Two Lovers

„Two Lovers“ – der Titel lässt eine üble Schnulze vermuten. James Gray präsentiert stattdessen aber ein mit hervorragenden Schauspielern besetztes Drama um Liebe, Einsamkeit und Depressionen.

Leonard (Joaquin Phoenix) wurde von seiner Verlobten verlassen und hat seitdem schon einige Selbstmordversuche hinter sich. Er wohnt wieder in dem Kinderzimmer seiner Eltern (Isabella Rossellini und Moni Moshonov) und arbeitet in der Wäschereinigung seines Vaters. Ein paar Stunden nach seinem letzten Versuch, sich das Leben zu nehmen, stellen ihm seine Eltern Sandra (Vinessa Shaw) vor. Sandra wirkt bodenständig und gesteht Leonard nicht nur ihre Liebe, sondern verspricht auch, für ihn zu sorgen. Doch Leonard lernt zur gleichen Zeit auch Michelle (Gwyneth Paltrow) kennen. Sie erscheint ihm wild und aufregend. Auch als er erkennen muss, dass sie seit längerer Zeit eine Affäre mit einem verheiratetem Mann (Elias Koteas) hat, sieht er in Michelle doch seine große Liebe. Leonard schwankt in seiner Einsamkeit zwischen einer Frau, die ihn liebt und für ihn sorgen will, und einer, die noch mehr Probleme hat als er selbst. Und obwohl Michelle nicht gut für ihn ist, kann er sich nicht von ihr loslösen.

Die Ausgangssituation von „Two Lovers“ klingt also schon vielversprechend. Gray hat zudem einen optisch wunderschönen Film abgeliefert: Die Bilder im winterlichen New York strahlen Kälte und Unbehaglichkeit aus und unterstützen das Innenleben der Figuren hervorragend. Auch die Schauspieler lassen nichts zu wünschen übrig. Vor allem Joaquin Phoenix gibt Leonard mit einer ungeheuren Intensität und macht den Film dadurch schon sehenswert.

Begeistert bin ich von „Two Lovers“ dennoch nicht. Während Gray mit den Depressionen von Leonard und dem Drogenmissbrauch Michelles angenehm subtil umgeht, wäre an anderen Stellen ein bisschen mehr Zurückhaltung wünschenswert gewesen: Der Selbstmordversuch als Einstieg erzeugt sicherlich Aufmerksamkeit; dass Leonard allerdings am selben Abend direkt von seinen Eltern verkuppelt wird, wirkt doch etwas unglaubhaft.

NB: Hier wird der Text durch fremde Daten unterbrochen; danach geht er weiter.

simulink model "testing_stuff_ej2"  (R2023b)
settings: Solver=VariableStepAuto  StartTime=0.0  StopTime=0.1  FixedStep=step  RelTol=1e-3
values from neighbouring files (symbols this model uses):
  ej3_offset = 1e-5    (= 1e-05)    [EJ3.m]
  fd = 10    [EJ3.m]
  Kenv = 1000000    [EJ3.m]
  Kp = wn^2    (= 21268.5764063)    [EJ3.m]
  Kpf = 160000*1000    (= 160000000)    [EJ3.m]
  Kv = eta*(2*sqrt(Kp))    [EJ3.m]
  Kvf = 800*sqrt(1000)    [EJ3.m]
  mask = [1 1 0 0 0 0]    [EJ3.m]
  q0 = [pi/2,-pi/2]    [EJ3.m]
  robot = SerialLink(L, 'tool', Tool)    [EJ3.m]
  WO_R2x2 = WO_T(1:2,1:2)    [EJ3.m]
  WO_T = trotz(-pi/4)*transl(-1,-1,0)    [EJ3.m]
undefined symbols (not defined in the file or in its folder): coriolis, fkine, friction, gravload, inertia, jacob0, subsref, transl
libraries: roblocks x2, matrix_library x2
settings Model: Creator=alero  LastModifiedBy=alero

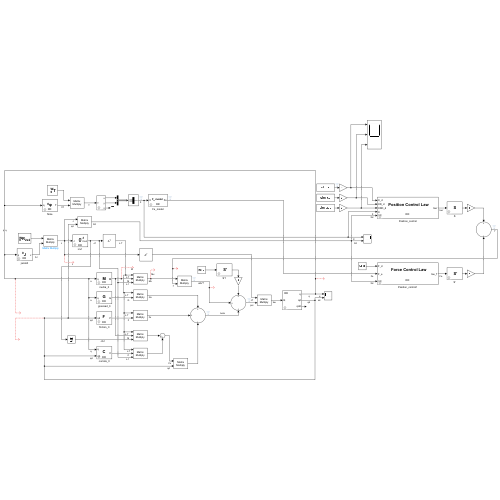
[thumbnail: Simulink's stored preview of the top-level diagram]
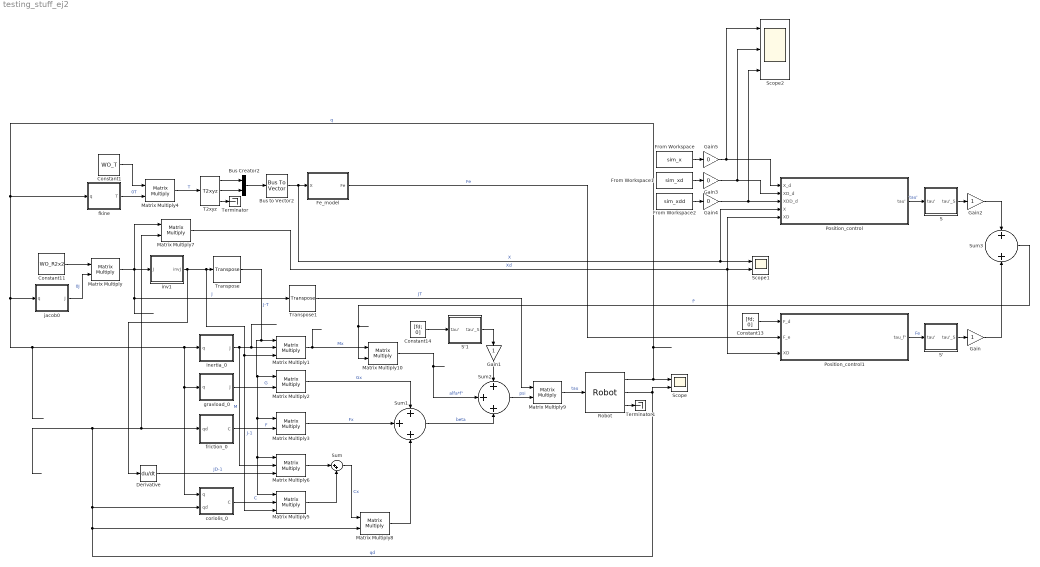
== system testing_stuff_ej2 ==
  Bus Creator2 : BusCreator  Inputs=2
  Bus to Vector2 : BusToVector
  Constant1 : Constant  Value=WO_T  VectorParams1D=off
      mask Display:
      | text(0.35, 0.8, '\bf\fontsize{16}^W_0T', 'texmode', 'on', 'verticalAlignment', 'top', 'horizontalAlignment', 'left')
      | %text(0.45, 0.65, '\fontsize{10}0', 'texmode', 'on','verticalAlignment', 'bottom', 'horizontalAlignment', 'right')
  Constant11 : Constant  Value=WO_R2x2  VectorParams1D=off
      mask Display:
      | text(0.1, 0.8, '\bf\fontsize{16}^W_0R_{2x2}', 'texmode', 'on', 'verticalAlignment', 'top', 'horizontalAlignment', 'left')
      | %text(0.45, 0.65, '\fontsize{10}0', 'texmode', 'on','verticalAlignment', 'bottom', 'horizontalAlignment', 'right')
  Constant13 : Constant  Value=[fd; 0]
  Constant14 : Constant  Value=[fd; 0]
  Derivative : Derivative
  Fe_model : Subsystem  mask{robot=robot}
      mask prompts: robot "Robot object"
      mask help: Robot forward kinematics.
      mask Help:
      | Compute homogeneous transform for robot end-effector given joint coordinates
      | 
      | 
      | <b>Parameters::</b>
      | 
      | Robot (SerialLink class)  The N-axis robot object for computing forward kinematics.
      | 
      | <b>Inputs::</b>
      | 
      | q (1xN) joint coordinates
      | 
      | <b>Outputs::</b>
      | 
      | T (4x4) the pose of the end effector as a homogeneous transformation
      | 
      | <b>Notes::</b>
      | 
      | - A wrapper for the Toolbox method fkine().
      mask Display:
      | text(0.2, 0.8, '\bf\fontsize{10}F_e model', 'texmode', 'on', 'verticalAlignment', 'top', 'horizontalAlignment', 'left')
      | %text(0.45, 0.65, '\fontsize{10}0', 'texmode', 'on','verticalAlignment', 'bottom', 'horizontalAlignment', 'right')
      | if ~isempty(robot)
      |     text(0.5, 0.2, robot.name,  'horizontalAlignment', 'center')
      | end
      | port_label('input', 1, 'X')
      | port_label('output', 1, 'Fe')
  From Workspace : FromWorkspace  VariableName=sim_x  SampleTime=step
  From Workspace1 : FromWorkspace  VariableName=sim_xd  SampleTime=step
  From Workspace2 : FromWorkspace  VariableName=sim_xdd  SampleTime=step
  Gain : Gain
  Gain1 : Gain
  Gain2 : Gain
  Gain3 : Gain  Gain=0
  Gain4 : Gain  Gain=0
  Gain5 : Gain  Gain=0
  Matrix Multiply{,2..4,7..10} (8 alike) : Product  Multiplication=Matrix(*)
  Matrix Multiply1 : Product  Inputs=3  Multiplication=Matrix(*)
  Matrix Multiply5 : Product  Inputs=3  Multiplication=Matrix(*)
  Matrix Multiply6 : Product  Inputs=3  Multiplication=Matrix(*)
  Position_control : Subsystem  mask{robot=robot}
      mask prompts: robot "Robot object"
      mask help: Robot forward kinematics.
      mask Help:
      | Compute homogeneous transform for robot end-effector given joint coordinates
      | 
      | 
      | <b>Parameters::</b>
      | 
      | Robot (SerialLink class)  The N-axis robot object for computing forward kinematics.
      | 
      | <b>Inputs::</b>
      | 
      | q (1xN) joint coordinates
      | 
      | <b>Outputs::</b>
      | 
      | T (4x4) the pose of the end effector as a homogeneous transformation
      | 
      | <b>Notes::</b>
      | 
      | - A wrapper for the Toolbox method fkine().
      mask Display:
      | text(0.18, 0.8, '\bf\fontsize{16}Position Control Law', 'texmode', 'on', 'verticalAlignment', 'top', 'horizontalAlignment', 'left')
      | %text(0.45, 0.65, '\fontsize{10}0', 'texmode', 'on','verticalAlignment', 'bottom', 'horizontalAlignment', 'right')
      | if ~isempty(robot)
      |     text(0.5, 0.2, robot.name,  'horizontalAlignment', 'center')
      | end
      | port_label('input', 1, 'X_d')
      | port_label('input', 2, 'XD_d')
      | port_label('input', 3, 'XDD_d')
      | port_label('input', 4, 'X')
      | port_label('input', 5, 'XD')
      | port_label('output', 1, 'tau''')
  Position_control1 : Subsystem  mask{robot=robot}
      mask prompts: robot "Robot object"
      mask help: Robot forward kinematics.
      mask Help:
      | Compute homogeneous transform for robot end-effector given joint coordinates
      | 
      | 
      | <b>Parameters::</b>
      | 
      | Robot (SerialLink class)  The N-axis robot object for computing forward kinematics.
      | 
      | <b>Inputs::</b>
      | 
      | q (1xN) joint coordinates
      | 
      | <b>Outputs::</b>
      | 
      | T (4x4) the pose of the end effector as a homogeneous transformation
      | 
      | <b>Notes::</b>
      | 
      | - A wrapper for the Toolbox method fkine().
      mask Display:
      | text(0.23, 0.8, '\bf\fontsize{16}Force Control Law', 'texmode', 'on', 'verticalAlignment', 'top', 'horizontalAlignment', 'left')
      | %text(0.45, 0.65, '\fontsize{10}0', 'texmode', 'on','verticalAlignment', 'bottom', 'horizontalAlignment', 'right')
      | if ~isempty(robot)
      |     text(0.5, 0.2, robot.name,  'horizontalAlignment', 'center')
      | end
      | port_label('input', 1, 'F_d')
      | port_label('input', 2, 'F_e')
      | port_label('input', 3, 'XD')
      | port_label('output', 1, 'tau_f''')
  Robot : roblocks/Arm/Robot  robot=robot  q0=robot.ikine(transl(1+sqrt(1/2)*ej3_offset,1+sqrt(1/2)*ej3_offset,0), 'q0',q0,'mask',mask)
  S : Subsystem  mask{robot=robot}
      mask prompts: robot "Robot object"
      mask help: Robot Jacobian in world coordinates
      mask init:
      | if ~isempty(robot)
      |     n=robot.n;
      | end
      mask Help:
      | Jacobian matrix relating joint coordinate rates to end-effector spatial
      | velocity expressed in the world frame.
      | 
      | <b>Parameters::</b>
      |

Auch weiß ich nicht, was ich vom Ende des Film halten soll (Achtung, Spoiler!): Leonard entscheidet sich für Michelle, will ihr gar einen Heiratsantrag machen. Michelle jedoch geht zurück zu Ronald, dem verheirateten Mann. Leonard kehrt daraufhin zu Sandra zurück und plant nun, sie zu heiraten. Scheinbar hat er sich dazu entschlossen, geliebt zu werden. Ob er glaubt, dadurch glücklich zu werden, erfährt der Zuschauer nicht. Dass sich Leonard am Abend, an dem er von Michelle, seiner großen Liebe, verlassen wird, dann einfach für Sandra entscheidet, kann ich allerdings nur schwer nachvollziehen. Hat er innerhalb von ein paar Stunden begriffen, dass er in erster Linie für sich selbst sorgen muss? Hat er verstanden, dass es wichtiger für ihn ist, selbst glücklich zu werden, als die Probleme von so kaputten Menschen wie Michelle auf sich zu bürden? Falls er diese Wandlung am Ende tatsächlich gemacht hat, geht das reichlich schnell; immerhin hatte er nach dem Verlust seiner letzten großen Liebe einige Selbstmordversuche hinter sich. (Spoiler Ende!)

„Two Lovers“ lässt mich zwiegespalten zurück: Die Inszenierung ist stimmungsvoll, die Schauspieler hervorragend. Da die Figuren und ihre Handlungen für mich stellenweise nicht nachvollziehbar waren, wurden meine Erwartungen aber doch ein bisschen enttäuscht.